# Linear Congruence

• September 27th 2007, 04:03 PM
clockingly
Linear Congruence
The following was confusing me, so any help/explanations would be greatly appreciated!

Find all incongruent solutions to the following linear congruence:

21x ≡ 14 (mod 91)
• September 29th 2007, 04:12 PM
ThePerfectHacker
Quote:

Originally Posted by clockingly
The following was confusing me, so any help/explanations would be greatly appreciated!

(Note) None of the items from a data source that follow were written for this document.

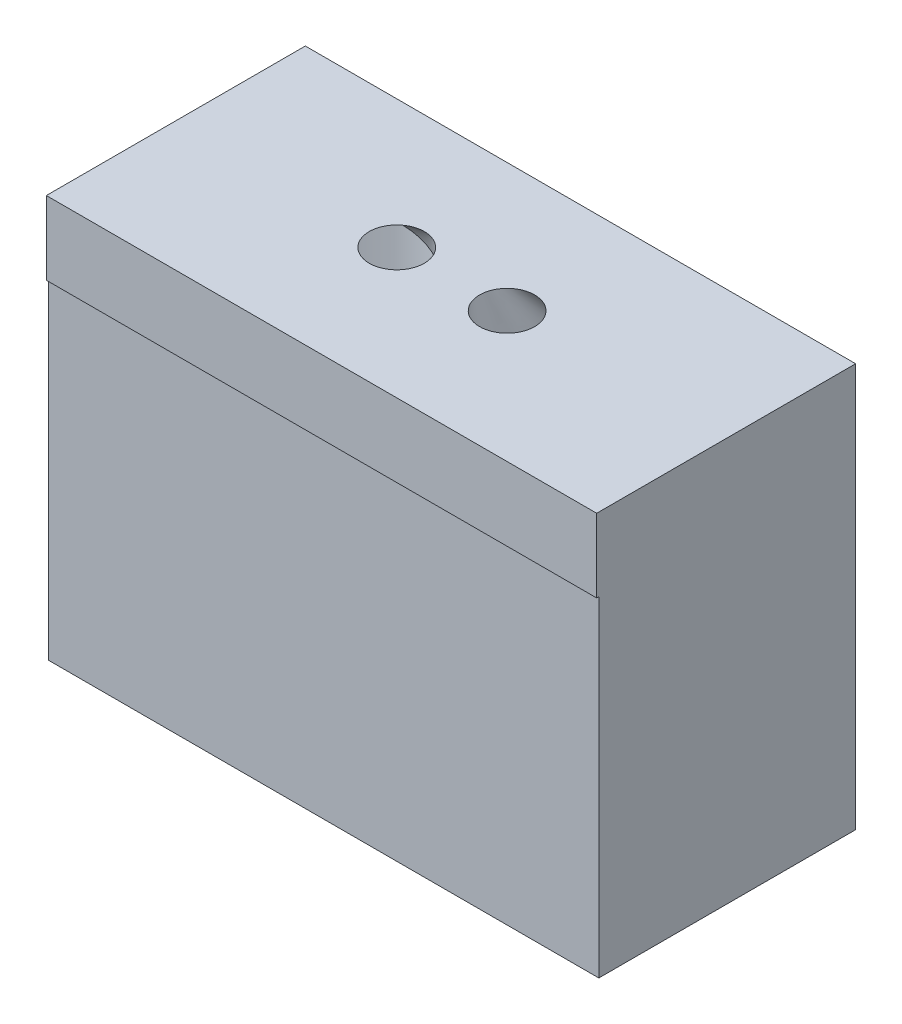
from build123d import *

# Parameters (mm, degrees)
CROQUIS1_W              = 15
CROQUIS1_H              = 7
CROQUIS1_R              = 2.6
SALIENTE_EXTRUIR1_DEPTH = 9
CROQUIS2_R              = 3
CORTAR_EXTRUIR1_DEPTH   = 1
CROQUIS3_W              = 15
CROQUIS3_H              = 7.058739116
SALIENTE_EXTRUIR2_DEPTH = 2
CROQUIS4_R              = 0.75
CROQUIS9_R              = 0.75


with BuildPart() as part:
    # Croquis1 → Saliente-Extruir1 (new body)
    with BuildSketch(Plane(origin=(0, 0, 0), x_dir=(1, 0, 0), z_dir=(0, 1, 0))):
        with Locations((-4, 0)):
            Rectangle(CROQUIS1_W, CROQUIS1_H)
        Circle(CROQUIS1_R, mode=Mode.SUBTRACT)
        with Locations((-8, 0)):
            Circle(CROQUIS1_R, mode=Mode.SUBTRACT)
    extrude(amount=SALIENTE_EXTRUIR1_DEPTH)

    # Croquis2 → Cortar-Extruir1 (cut)
    with BuildSketch(Plane.XZ):
        Circle(CROQUIS2_R)
        with Locations((-8, 0)):
            Circle(CROQUIS2_R)
    extrude(amount=-CORTAR_EXTRUIR1_DEPTH, mode=Mode.SUBTRACT)

    # Croquis3 → Saliente-Extruir2 (add)
    with BuildSketch(Plane(origin=(0, 9, 0), x_dir=(1, 0, 0), z_dir=(0, 1, 0))):
        with Locations((-4, -0.029369558)):
            Rectangle(CROQUIS3_W, CROQUIS3_H)
    extrude(amount=SALIENTE_EXTRUIR2_DEPTH)

    # Croquis4 → section 0 of cortar_recubrir3
    with BuildSketch(Plane(origin=(0, 11, 0), x_dir=(1, 0, 0), z_dir=(0, 1, 0)), mode=Mode.PRIVATE) as cortar_recubrir3_s0:
        with Locations((-5.5, -0.007482418)):
            Circle(CROQUIS4_R)
    # loft up to a face of the part (cortar_recubrir3)
    loft([cortar_recubrir3_s0.sketch, part.faces().sort_by_distance((-8, 9, 0))[0]], mode=Mode.SUBTRACT)

    # Croquis9 → section 0 of cortar_recubrir4
    with BuildSketch(Plane(origin=(0, 11, 0), x_dir=(1, 0, 0), z_dir=(0, 1, 0)), mode=Mode.PRIVATE) as cortar_recubrir4_s0:
        with Locations((-2.5, 0)):
            Circle(CROQUIS9_R)
    # loft up to a face of the part (cortar_recubrir4)
    loft([cortar_recubrir4_s0.sketch, part.faces().sort_by_distance((0, 9, 0))[0]], mode=Mode.SUBTRACT)


solid = part.part

Find all incongruent solutions to the following linear congruence:

21x ≡ 14 (mod 91)

$\gcd(21,91)=7$ and $7|14$ so there shall be $7$ solutions in each congruence class. By inspection we see that $x\equiv 5$ is one equivalence class which solves this. By theorem it means $5 + \frac{91}{7}t$ for $t=0,1,...,6$ shall all be solutions.
• September 30th 2007, 07:07 AM
topsquark
Quote:

Originally Posted by ThePerfectHacker
$\gcd(21,91)=7$ and $7|14$ so there shall be $7$ solutions in each congruence class. By inspection we see that $x\equiv 5$ is one equivalence class which solves this. By theorem it means $5 + \frac{91}{7}t$ for $t=0,1,...,6$ shall all be solutions.

By "incongruent" solutions the question is asking for all distinct residue classes that solve the equation?

-Dan
• September 30th 2007, 08:05 AM
ThePerfectHacker
Quote:

Originally Posted by topsquark
By "incongruent" solutions the question is asking for all distinct residue classes that solve the equation?

-Dan

Yes.

For example $x\equiv 2 (\bmod 4)$ the solutions $x=2,6$ are really the same ("congruent") solutions because they are contained in the same equivalence class (equivalence class mod $4$*)

*)The congruence classes are $\{...,-4,0,4,...\} , \{...,-3,1,5,...\}, \{...,-2,2,6,...\}, \{...,-1,3,7,...\}$. So $x=2,6$ are in the same equivalence class.
• June 3rd 2008, 10:04 AM
duggaboy
hmm
so if showing the incongruences would it be x=-12=14 (mod13)??